Non si nasce servi, lo si diventa mediante l’addestramento quotidiano all’ideocrazia, al pensiero unico: poche parole tutte funzionali alla valorizzazione del capitale senza limiti. L’ideocrazia del mercato, del modello unico del pensiero e della lingua non è un destino. La storia è il luogo della vita degli esseri umani, del possibile. Nella storia le faglie liberano potenzialità impensabili. La condizione di plebe può ribaltarsi in popolo, se si mettono in atto pratiche virtuose del pensiero.
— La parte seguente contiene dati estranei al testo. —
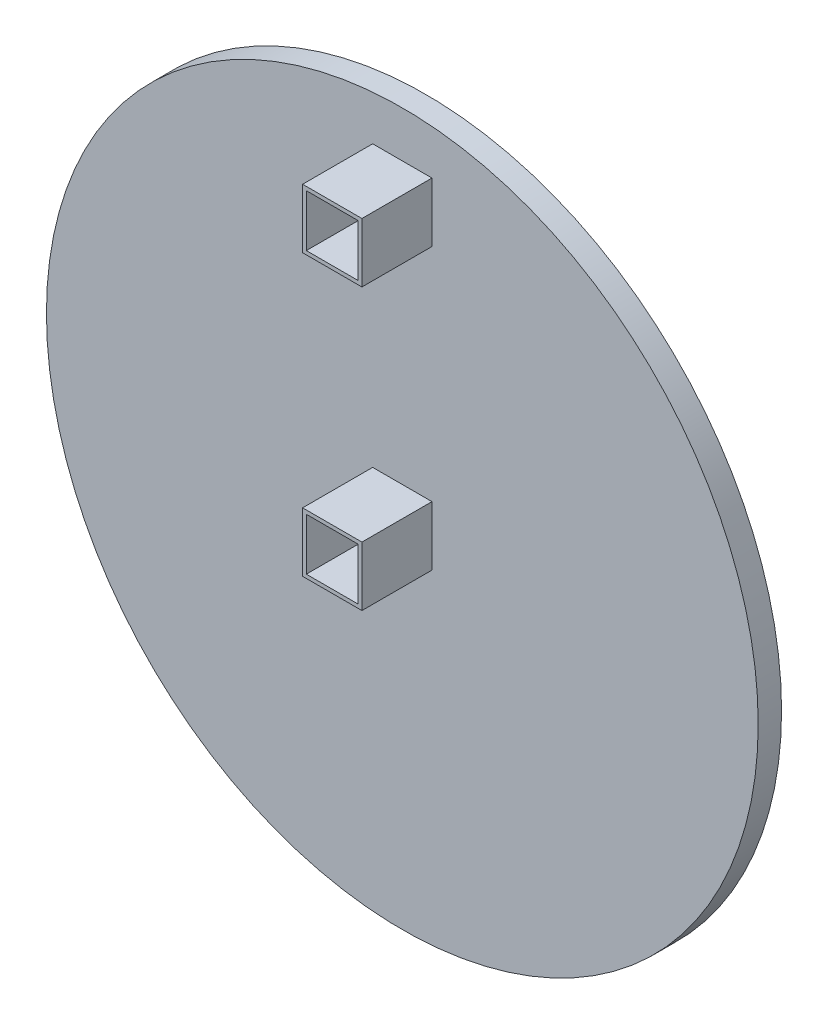
ISO-10303-21;
HEADER;
FILE_DESCRIPTION(('STEP AP214'),'2;1');
FILE_NAME('part.step','',(''),(''),'','','');
FILE_SCHEMA(('AUTOMOTIVE_DESIGN { 1 0 10303 214 1 1 1 1 }'));
ENDSEC;
DATA;
#1=APPLICATION_CONTEXT('core data for automotive mechanical design processes');
#2=APPLICATION_PROTOCOL_DEFINITION('international standard','automotive_design',2000,#1);
#3=PRODUCT_CONTEXT('',#1,'mechanical');
#4=PRODUCT('Part','Part','',(#3));
#5=PRODUCT_RELATED_PRODUCT_CATEGORY('part','',(#4));
#6=PRODUCT_DEFINITION_FORMATION('','',#4);
#7=PRODUCT_DEFINITION_CONTEXT('part definition',#1,'design');
#8=PRODUCT_DEFINITION('design','',#6,#7);
#9=PRODUCT_DEFINITION_SHAPE('','',#8);
#10=(LENGTH_UNIT() NAMED_UNIT(*) SI_UNIT(.MILLI.,.METRE.));
#11=(NAMED_UNIT(*) PLANE_ANGLE_UNIT() SI_UNIT($,.RADIAN.));
#12=(NAMED_UNIT(*) SI_UNIT($,.STERADIAN.) SOLID_ANGLE_UNIT());
#13=UNCERTAINTY_MEASURE_WITH_UNIT(LENGTH_MEASURE(1.E-05),#10,'distance_accuracy_value','');
#14=(GEOMETRIC_REPRESENTATION_CONTEXT(3) GLOBAL_UNCERTAINTY_ASSIGNED_CONTEXT((#13)) GLOBAL_UNIT_ASSIGNED_CONTEXT((#10,
#11,#12)) REPRESENTATION_CONTEXT('',''));
#15=CARTESIAN_POINT('',(0.,0.,0.));
#16=DIRECTION('',(0.,0.,1.));
#17=DIRECTION('',(1.,0.,0.));
#18=AXIS2_PLACEMENT_3D('',#15,#16,#17);
#19=CARTESIAN_POINT('',(0.,0.,10.));
#20=DIRECTION('',(0.,0.,1.));
#21=DIRECTION('',(1.,0.,0.));
#22=AXIS2_PLACEMENT_3D('',#19,#20,#21);
#23=PLANE('',#22);
#24=DIRECTION('',(-1.,0.,0.));
#25=VECTOR('',#24,1.);
#26=CARTESIAN_POINT('',(-12.7,12.7,10.));
#27=LINE('',#26,#25);
#28=CARTESIAN_POINT('',(12.7,12.7,10.));
#29=VERTEX_POINT('',#28);
#30=CARTESIAN_POINT('',(-12.7,12.7,10.));
#31=VERTEX_POINT('',#30);
#32=EDGE_CURVE('E256',#29,#31,#27,.T.);
#33=ORIENTED_EDGE('',*,*,#32,.F.);
#34=DIRECTION('',(0.,1.,0.));
#35=VECTOR('',#34,1.);
#36=CARTESIAN_POINT('',(12.7,12.7,10.));
#37=LINE('',#36,#35);
#38=CARTESIAN_POINT('',(12.7,-12.7,10.));
#39=VERTEX_POINT('',#38);
#40=EDGE_CURVE('E242',#39,#29,#37,.T.);
#41=ORIENTED_EDGE('',*,*,#40,.F.);
#42=DIRECTION('',(1.,0.,0.));
#43=VECTOR('',#42,1.);
#44=CARTESIAN_POINT('',(-12.7,-12.7,10.));
#45=LINE('',#44,#43);
#46=CARTESIAN_POINT('',(-12.7,-12.7,10.));
#47=VERTEX_POINT('',#46);
#48=EDGE_CURVE('E247',#47,#39,#45,.T.);
#49=ORIENTED_EDGE('',*,*,#48,.F.);
#50=DIRECTION('',(0.,-1.,0.));
#51=VECTOR('',#50,1.);
#52=CARTESIAN_POINT('',(-12.7,12.7,10.));
#53=LINE('',#52,#51);
#54=EDGE_CURVE('E258',#31,#47,#53,.T.);
#55=ORIENTED_EDGE('',*,*,#54,.F.);
#56=EDGE_LOOP('',(#33,#41,#49,#55));
#57=FACE_BOUND('',#56,.T.);
#58=CARTESIAN_POINT('',(0.,0.,10.));
#59=DIRECTION('',(0.,0.,1.));
#60=DIRECTION('',(1.,0.,0.));
#61=AXIS2_PLACEMENT_3D('',#58,#59,#60);
#62=CIRCLE('',#61,152.4);
#63=CARTESIAN_POINT('',(152.4,0.,10.));
#64=VERTEX_POINT('',#63);
#65=EDGE_CURVE('E11',#64,#64,#62,.T.);
#66=ORIENTED_EDGE('',*,*,#65,.T.);
#67=EDGE_LOOP('',(#66));
#68=FACE_BOUND('',#67,.T.);
#69=DIRECTION('',(-1.,0.,0.));
#70=VECTOR('',#69,1.);
#71=CARTESIAN_POINT('',(-12.7,132.7,10.));
#72=LINE('',#71,#70);
#73=CARTESIAN_POINT('',(12.7,132.7,10.));
#74=VERTEX_POINT('',#73);
#75=CARTESIAN_POINT('',(-12.7,132.7,10.));
#76=VERTEX_POINT('',#75);
#77=EDGE_CURVE('E200',#74,#76,#72,.T.);
#78=ORIENTED_EDGE('',*,*,#77,.F.);
#79=DIRECTION('',(0.,1.,0.));
#80=VECTOR('',#79,1.);
#81=CARTESIAN_POINT('',(12.7,132.7,10.));
#82=LINE('',#81,#80);
#83=CARTESIAN_POINT('',(12.7,107.3,10.));
#84=VERTEX_POINT('',#83);
#85=EDGE_CURVE('E165',#84,#74,#82,.T.);
#86=ORIENTED_EDGE('',*,*,#85,.F.);
#87=DIRECTION('',(1.,0.,0.));
#88=VECTOR('',#87,1.);
#89=CARTESIAN_POINT('',(-12.7,107.3,10.));
#90=LINE('',#89,#88);
#91=CARTESIAN_POINT('',(-12.7,107.3,10.));
#92=VERTEX_POINT('',#91);
#93=EDGE_CURVE('E191',#92,#84,#90,.T.);
#94=ORIENTED_EDGE('',*,*,#93,.F.);
#95=DIRECTION('',(0.,-1.,0.));
#96=VECTOR('',#95,1.);
#97=CARTESIAN_POINT('',(-12.7,132.7,10.));
#98=LINE('',#97,#96);
#99=EDGE_CURVE('E202',#76,#92,#98,.T.);
#100=ORIENTED_EDGE('',*,*,#99,.F.);
#101=EDGE_LOOP('',(#78,#86,#94,#100));
#102=FACE_BOUND('',#101,.T.);
#103=ADVANCED_FACE('F33',(#57,#68,#102),#23,.T.);
#104=CARTESIAN_POINT('',(0.,0.,10.));
#105=DIRECTION('',(0.,0.,-1.));
#106=DIRECTION('',(-1.,0.,0.));
#107=AXIS2_PLACEMENT_3D('',#104,#105,#106);
#108=CYLINDRICAL_SURFACE('',#107,152.4);
#109=ORIENTED_EDGE('',*,*,#65,.F.);
#110=EDGE_LOOP('',(#109));
#111=FACE_BOUND('',#110,.T.);
#112=CARTESIAN_POINT('',(0.,0.,0.));
#113=DIRECTION('',(0.,0.,1.));
#114=DIRECTION('',(1.,0.,0.));
#115=AXIS2_PLACEMENT_3D('',#112,#113,#114);
#116=CIRCLE('',#115,152.4);
#117=CARTESIAN_POINT('',(152.4,0.,0.));
#118=VERTEX_POINT('',#117);
#119=EDGE_CURVE('E37',#118,#118,#116,.T.);
#120=ORIENTED_EDGE('',*,*,#119,.T.);
#121=EDGE_LOOP('',(#120));
#122=FACE_BOUND('',#121,.T.);
#123=ADVANCED_FACE('F35',(#111,#122),#108,.T.);
#124=CARTESIAN_POINT('',(0.,0.,0.));
#125=DIRECTION('',(0.,0.,1.));
#126=DIRECTION('',(1.,0.,0.));
#127=AXIS2_PLACEMENT_3D('',#124,#125,#126);
#128=PLANE('',#127);
#129=ORIENTED_EDGE('',*,*,#119,.F.);
#130=EDGE_LOOP('',(#129));
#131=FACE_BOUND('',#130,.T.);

Non possiamo sottrarci alla responsabilità del divertere

La resistenza di un popolo non può che iniziare con il pensare il proprio tempo, con il rilevare il tragico non come un destino, ma come una circostanza posta da più soggetti responsabili popoli annessi: il riconoscimento delle proprie responsabilità dinanzi alla storia ed a se stessi è già prassi, uscita dalla caverna del nichilismo programmato da altri. La storia è Wirchliche Historie. Nessuna provvidenza verrà a salvarci. Ma, come l’Angelus Novus di Klee nel commento di Benjamin, non possiamo sottrarci alla responsabilità del divertere dal destino del Regno animale dello Spirito.

Salvatore A. Bravo

[1] «At Romae ruere in servitium consules, patres, eques» (A Roma intanto si precipitavano in gesti servili consoli, senatori, cavalieri), Tacito, Storie, I, 7.

[2] G.W.F. Hegel, Fenomenologia dello Spirito, Einaudi, Torino, p. 293.

[3] Ibidem, p. 300.

[4] Ibidem, p. 239.

[5] Costanzo Preve, L’Ideocrazia Imperiale Americana, Roma, p. 58.